Emma and Harriet visit Mrs. and Miss Bates

Emma and Harriet visit Mrs. and Miss Bates

In the matter of making calls it is the correct thing:

  • For the caller who arrived first to leave first.
  • To return a first call within a week and in person.
  • To call promptly and in person after a first invitation.
  • For the mother or chaperon to invite a gentleman to call.
  • To call within a week after any entertainment to which one has been invited.
  • You should call upon an acquaintance who has recently returned from a prolonged absence.
  • It as proper to make the first call upon people in a higher social position, if one is asked to do so.
  • It is proper to call, after an engagement has been announced, or a marriage has taken place, in the family.
  • For the older residents in the city or street to call upon the newcomers to their neighborhood is a long recognized custom.
  • It is proper, after a removal from one part of the city to another, to send out cards with one’s new address upon them.
  • To ascertain what are the prescribed hours for calling in the place where one is living, or making a visit, and to adhere to those hours is a duty that must not be overlooked.
  • A gentleman should ask for the lady of the house as well as the young ladies, and leave cards for her as well as for the head of the family.

Another book, Mrs. Astor’s New York by Eric Homberger (2004), gives a glimpse of what a call might look like for young ladies of quality in New York at the turn of the 20th century. (Edith Wharton does this so well.) The art of social climbing remained quite strict and, in fact, was probably stricter as a result of the Victorian era. Keep in mind that this book and the one above were written in the U. S. about Americans:

So simple a matter as paying a morning call was hedged around with complications.
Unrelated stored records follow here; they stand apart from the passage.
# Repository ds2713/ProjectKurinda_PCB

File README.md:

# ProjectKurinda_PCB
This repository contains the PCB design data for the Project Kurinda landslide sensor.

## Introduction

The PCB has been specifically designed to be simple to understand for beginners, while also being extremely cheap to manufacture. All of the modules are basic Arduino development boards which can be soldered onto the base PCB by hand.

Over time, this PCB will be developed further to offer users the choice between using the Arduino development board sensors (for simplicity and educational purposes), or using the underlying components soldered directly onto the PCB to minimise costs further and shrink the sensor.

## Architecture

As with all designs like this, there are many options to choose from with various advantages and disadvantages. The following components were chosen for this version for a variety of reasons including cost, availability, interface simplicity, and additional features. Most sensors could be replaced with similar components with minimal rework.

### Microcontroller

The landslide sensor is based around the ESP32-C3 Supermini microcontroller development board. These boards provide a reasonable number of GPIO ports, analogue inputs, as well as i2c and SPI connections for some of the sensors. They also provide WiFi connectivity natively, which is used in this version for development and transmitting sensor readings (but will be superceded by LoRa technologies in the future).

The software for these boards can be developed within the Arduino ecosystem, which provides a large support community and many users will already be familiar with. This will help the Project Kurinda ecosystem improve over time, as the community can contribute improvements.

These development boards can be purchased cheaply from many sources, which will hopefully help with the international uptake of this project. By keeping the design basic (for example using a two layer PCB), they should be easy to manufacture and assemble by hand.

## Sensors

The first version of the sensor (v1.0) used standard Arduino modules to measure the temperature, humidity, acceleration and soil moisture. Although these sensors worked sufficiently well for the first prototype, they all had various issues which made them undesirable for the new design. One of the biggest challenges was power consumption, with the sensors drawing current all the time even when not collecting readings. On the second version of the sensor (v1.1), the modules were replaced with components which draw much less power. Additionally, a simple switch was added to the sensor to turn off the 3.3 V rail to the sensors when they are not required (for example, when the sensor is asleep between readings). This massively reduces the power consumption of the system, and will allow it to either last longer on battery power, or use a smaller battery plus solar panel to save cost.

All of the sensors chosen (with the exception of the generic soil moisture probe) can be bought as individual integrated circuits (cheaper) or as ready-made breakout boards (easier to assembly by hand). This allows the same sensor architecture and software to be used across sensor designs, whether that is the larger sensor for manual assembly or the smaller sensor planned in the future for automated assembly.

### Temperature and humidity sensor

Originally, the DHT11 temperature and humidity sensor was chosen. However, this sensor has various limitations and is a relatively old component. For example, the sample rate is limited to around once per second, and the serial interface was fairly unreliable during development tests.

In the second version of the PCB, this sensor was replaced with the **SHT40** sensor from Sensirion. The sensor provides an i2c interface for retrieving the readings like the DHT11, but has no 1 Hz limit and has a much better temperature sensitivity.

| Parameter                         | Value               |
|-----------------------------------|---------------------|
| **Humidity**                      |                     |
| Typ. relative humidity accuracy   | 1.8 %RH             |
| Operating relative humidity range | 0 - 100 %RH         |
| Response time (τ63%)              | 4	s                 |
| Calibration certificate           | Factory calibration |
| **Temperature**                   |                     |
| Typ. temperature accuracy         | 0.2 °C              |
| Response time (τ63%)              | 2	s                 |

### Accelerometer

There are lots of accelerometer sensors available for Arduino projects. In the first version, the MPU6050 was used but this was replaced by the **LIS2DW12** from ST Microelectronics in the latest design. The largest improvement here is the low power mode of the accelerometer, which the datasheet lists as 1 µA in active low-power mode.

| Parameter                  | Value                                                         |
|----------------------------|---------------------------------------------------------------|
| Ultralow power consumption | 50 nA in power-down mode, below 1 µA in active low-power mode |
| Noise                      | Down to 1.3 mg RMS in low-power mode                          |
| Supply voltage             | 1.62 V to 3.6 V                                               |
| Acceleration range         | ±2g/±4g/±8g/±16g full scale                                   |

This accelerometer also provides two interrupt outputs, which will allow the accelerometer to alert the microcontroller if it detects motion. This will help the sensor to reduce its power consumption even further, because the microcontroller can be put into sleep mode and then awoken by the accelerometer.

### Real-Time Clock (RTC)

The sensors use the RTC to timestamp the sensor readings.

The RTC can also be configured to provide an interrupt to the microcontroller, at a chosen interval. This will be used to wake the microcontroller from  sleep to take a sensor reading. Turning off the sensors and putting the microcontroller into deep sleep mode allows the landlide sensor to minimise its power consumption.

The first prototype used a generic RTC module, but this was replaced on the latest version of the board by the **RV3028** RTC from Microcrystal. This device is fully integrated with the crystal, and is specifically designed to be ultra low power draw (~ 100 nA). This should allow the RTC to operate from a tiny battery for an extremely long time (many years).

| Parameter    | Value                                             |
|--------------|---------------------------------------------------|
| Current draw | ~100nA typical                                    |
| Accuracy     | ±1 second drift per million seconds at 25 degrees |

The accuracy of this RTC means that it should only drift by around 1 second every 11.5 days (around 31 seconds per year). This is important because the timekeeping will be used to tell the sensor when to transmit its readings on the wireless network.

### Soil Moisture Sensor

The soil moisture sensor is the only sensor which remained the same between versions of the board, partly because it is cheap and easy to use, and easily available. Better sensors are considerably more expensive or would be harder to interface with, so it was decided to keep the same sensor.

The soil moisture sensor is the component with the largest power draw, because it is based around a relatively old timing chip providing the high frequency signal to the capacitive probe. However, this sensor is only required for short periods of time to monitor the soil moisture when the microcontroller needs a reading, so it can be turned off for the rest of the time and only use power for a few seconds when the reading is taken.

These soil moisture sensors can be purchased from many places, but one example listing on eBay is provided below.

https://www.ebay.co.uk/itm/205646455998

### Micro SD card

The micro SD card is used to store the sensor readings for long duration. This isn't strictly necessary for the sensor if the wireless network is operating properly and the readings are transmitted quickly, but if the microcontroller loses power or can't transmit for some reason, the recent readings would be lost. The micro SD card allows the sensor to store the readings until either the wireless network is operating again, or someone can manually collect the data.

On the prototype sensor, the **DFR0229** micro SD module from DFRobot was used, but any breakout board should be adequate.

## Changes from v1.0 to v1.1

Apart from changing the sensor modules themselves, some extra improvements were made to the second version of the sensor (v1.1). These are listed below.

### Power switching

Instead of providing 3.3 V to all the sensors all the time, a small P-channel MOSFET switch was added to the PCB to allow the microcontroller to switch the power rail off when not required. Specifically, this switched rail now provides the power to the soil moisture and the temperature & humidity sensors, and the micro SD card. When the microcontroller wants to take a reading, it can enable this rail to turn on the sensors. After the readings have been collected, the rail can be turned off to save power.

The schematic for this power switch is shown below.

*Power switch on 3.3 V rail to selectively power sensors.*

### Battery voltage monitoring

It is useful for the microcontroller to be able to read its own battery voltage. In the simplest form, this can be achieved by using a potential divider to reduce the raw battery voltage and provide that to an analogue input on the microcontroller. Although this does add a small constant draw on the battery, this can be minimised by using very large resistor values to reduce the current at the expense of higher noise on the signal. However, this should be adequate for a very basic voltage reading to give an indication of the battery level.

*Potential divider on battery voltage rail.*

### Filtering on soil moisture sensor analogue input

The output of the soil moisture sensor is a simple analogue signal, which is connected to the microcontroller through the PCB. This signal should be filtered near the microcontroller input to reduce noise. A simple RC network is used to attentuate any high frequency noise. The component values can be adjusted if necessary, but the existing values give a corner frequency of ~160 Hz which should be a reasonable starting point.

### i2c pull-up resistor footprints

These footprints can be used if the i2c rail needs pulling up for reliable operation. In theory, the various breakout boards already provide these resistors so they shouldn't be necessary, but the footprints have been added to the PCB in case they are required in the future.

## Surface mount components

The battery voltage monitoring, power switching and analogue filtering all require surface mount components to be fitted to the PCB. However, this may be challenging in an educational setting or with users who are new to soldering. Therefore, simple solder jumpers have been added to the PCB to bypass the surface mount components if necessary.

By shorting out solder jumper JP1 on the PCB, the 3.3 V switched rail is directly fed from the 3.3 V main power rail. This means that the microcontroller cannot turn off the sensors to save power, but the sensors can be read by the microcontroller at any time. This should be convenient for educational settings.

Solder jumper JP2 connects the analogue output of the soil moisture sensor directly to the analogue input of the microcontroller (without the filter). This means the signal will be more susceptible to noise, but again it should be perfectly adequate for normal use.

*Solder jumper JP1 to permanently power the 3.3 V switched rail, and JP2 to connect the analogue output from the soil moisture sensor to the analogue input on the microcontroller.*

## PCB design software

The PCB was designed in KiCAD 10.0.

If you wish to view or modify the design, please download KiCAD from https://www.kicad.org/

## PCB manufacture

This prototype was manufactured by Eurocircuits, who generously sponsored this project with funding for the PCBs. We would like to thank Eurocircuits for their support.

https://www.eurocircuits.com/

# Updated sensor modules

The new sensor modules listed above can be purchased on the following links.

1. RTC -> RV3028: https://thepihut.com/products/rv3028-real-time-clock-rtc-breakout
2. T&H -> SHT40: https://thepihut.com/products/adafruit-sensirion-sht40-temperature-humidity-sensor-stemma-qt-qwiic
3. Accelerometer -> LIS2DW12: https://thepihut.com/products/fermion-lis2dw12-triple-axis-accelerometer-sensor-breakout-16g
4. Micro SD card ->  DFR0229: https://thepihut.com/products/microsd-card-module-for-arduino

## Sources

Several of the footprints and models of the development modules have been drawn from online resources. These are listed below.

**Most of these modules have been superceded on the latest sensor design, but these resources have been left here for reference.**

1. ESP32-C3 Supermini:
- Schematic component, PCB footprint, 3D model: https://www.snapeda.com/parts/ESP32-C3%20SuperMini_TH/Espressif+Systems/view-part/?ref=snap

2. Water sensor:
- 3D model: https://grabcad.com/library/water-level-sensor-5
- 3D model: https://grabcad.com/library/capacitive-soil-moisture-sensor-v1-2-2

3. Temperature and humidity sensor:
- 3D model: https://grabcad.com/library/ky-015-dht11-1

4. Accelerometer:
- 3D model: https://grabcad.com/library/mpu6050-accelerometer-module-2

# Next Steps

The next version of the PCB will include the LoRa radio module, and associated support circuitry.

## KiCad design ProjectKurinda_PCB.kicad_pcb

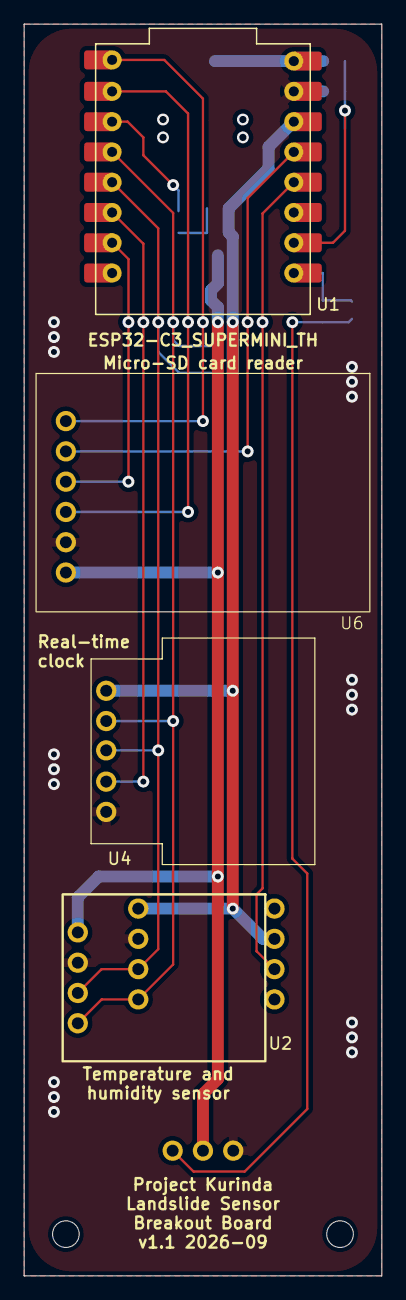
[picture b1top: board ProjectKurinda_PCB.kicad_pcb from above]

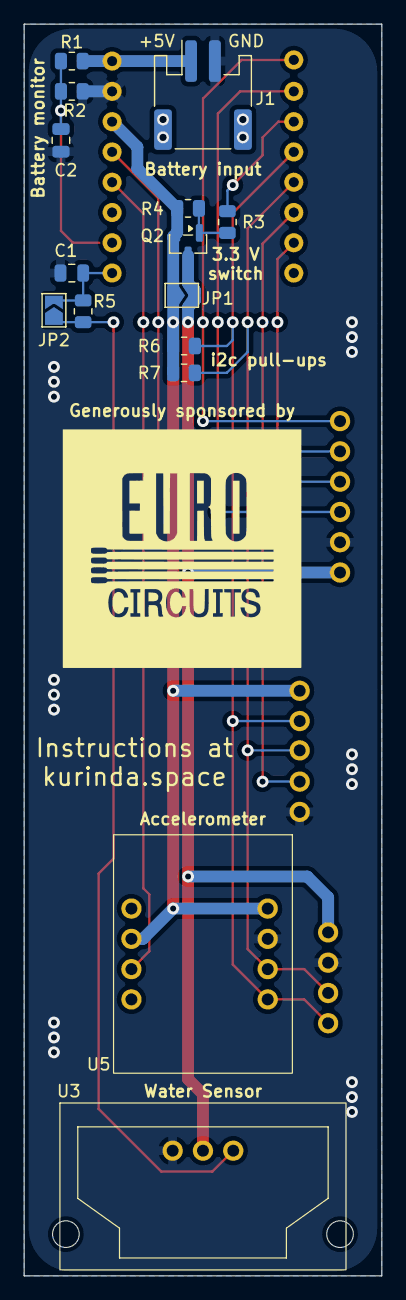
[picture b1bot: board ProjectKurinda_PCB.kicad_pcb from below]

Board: 2 copper layers, 30.0 x 105.0 mm, 19 parts (15 on the bottom side), 17 nets.

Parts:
C1, C2: 1uF; C_0805_2012Metric
J1: Conn_01x02; JST_PH_S2B-PH-SM4-TB_1x02-1MP_P2.00mm_Horizontal
JP1, JP2: Jumper_2_Open; SolderJumper-2_P1.3mm_Open_TrianglePad1.0x1.5mm
Q2: Q_PMOS_GSD; SOT-23
R1: 300 kR; R_0805_2012Metric
R2, R4: 100 kR; R_0805_2012Metric
R3: 1 kR; R_0805_2012Metric
R5: 1kR; R_0805_2012Metric
R6, R7: 4.7kR; R_0805_2012Metric
U1: ESP32-C3_SUPERMINI_TH; ESP32-C3 SUPERMINI TH
U2: SHT40
U3: Water Sensor
U4: RV3028 RTC; RV3028 RTC breakout
U5: LIS2DW12 breakout
U6: uSD breakout

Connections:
+3V3: JP1.1 (A), Q2.2 (S), R4.2, R6.2, R7.2, U1.3.3 (3V3), U4.1 (Vcc), U5.2 (CS), U5.8 (Vcc)
+BATT: J1.1, R1.1, U1.5V
/3V3_EN: R3.1, U1.7 (GPIO7)
/3V3_SWITCHED: JP1.2 (B), Q2.3 (D), U2.1 (Vcc), U3.2 (Vcc), U6.6 (Vcc)
/BAT_MEAS: C2.1, R1.2, R2.1, U1.1 (GPIO1)
/CS: U1.20 (GPIO20), U6.3 (CS)
/MISO: U1.5 (GPIO5), U6.1 (MISO)
/MOSI: U1.6 (GPIO6), U6.4 (MOSI)
/MPU_INT1: U1.3 (GPIO3), U5.3 (INT1)
/RTC_INT: U1.10 (GPIO10), U4.4 (INT)
/SCK: U1.4 (GPIO4), U6.2 (SCK)
/SCL: R7.1, U1.9 (GPIO9), U2.3 (SCL), U4.3 (SCL), U5.6 (SCL)
/SDA: R6.1, U1.8 (GPIO8), U2.4 (SDA), U4.2 (SDA), U5.5 (SDA)
/WS_AOUT: JP2.1 (A), R5.1, U3.1 (A)
GND: C1.2, C2.2, J1.2, R2.2, U1.G (GND), U2.2 (GND), U3.3 (GND), U4.5 (GND), U5.7 (GND), U6.5 (GND)
unnamed: C1.1, JP2.2 (B), R5.2, U1.0 (GPIO0)
unnamed: Q2.1 (G), R3.2, R4.1

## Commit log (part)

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2026-05-22 v1.0 board design for landslide sensor and associated PCB symbols and libraries.
2026-05-25 Added correct soil moisture sensor and updated silk screen to match.
2026-05-25 New 3D model using the correct soil moisture sensor.

A male escort or female companion was not needed if a lady went in a carriage, but a gentleman was expected to accompany a lady walking on foot. It was permissible for two ladies walking together to make a call without male escort. When paying a call, female guests were expected to remain seated in chairs or benches lining the perimeter of the room, waiting for servants to pass refreshments in sequence. A hostess alone had the freedom to stand and cross the room. Larger social events, variously termed ‘routs,’ ‘conversaziones,’ and ‘squeezes,’ were less rigid in the assignation of gender roles, and the provisions of tables for chess and cards, or music for dancing, greatly increased the variety of entertainment.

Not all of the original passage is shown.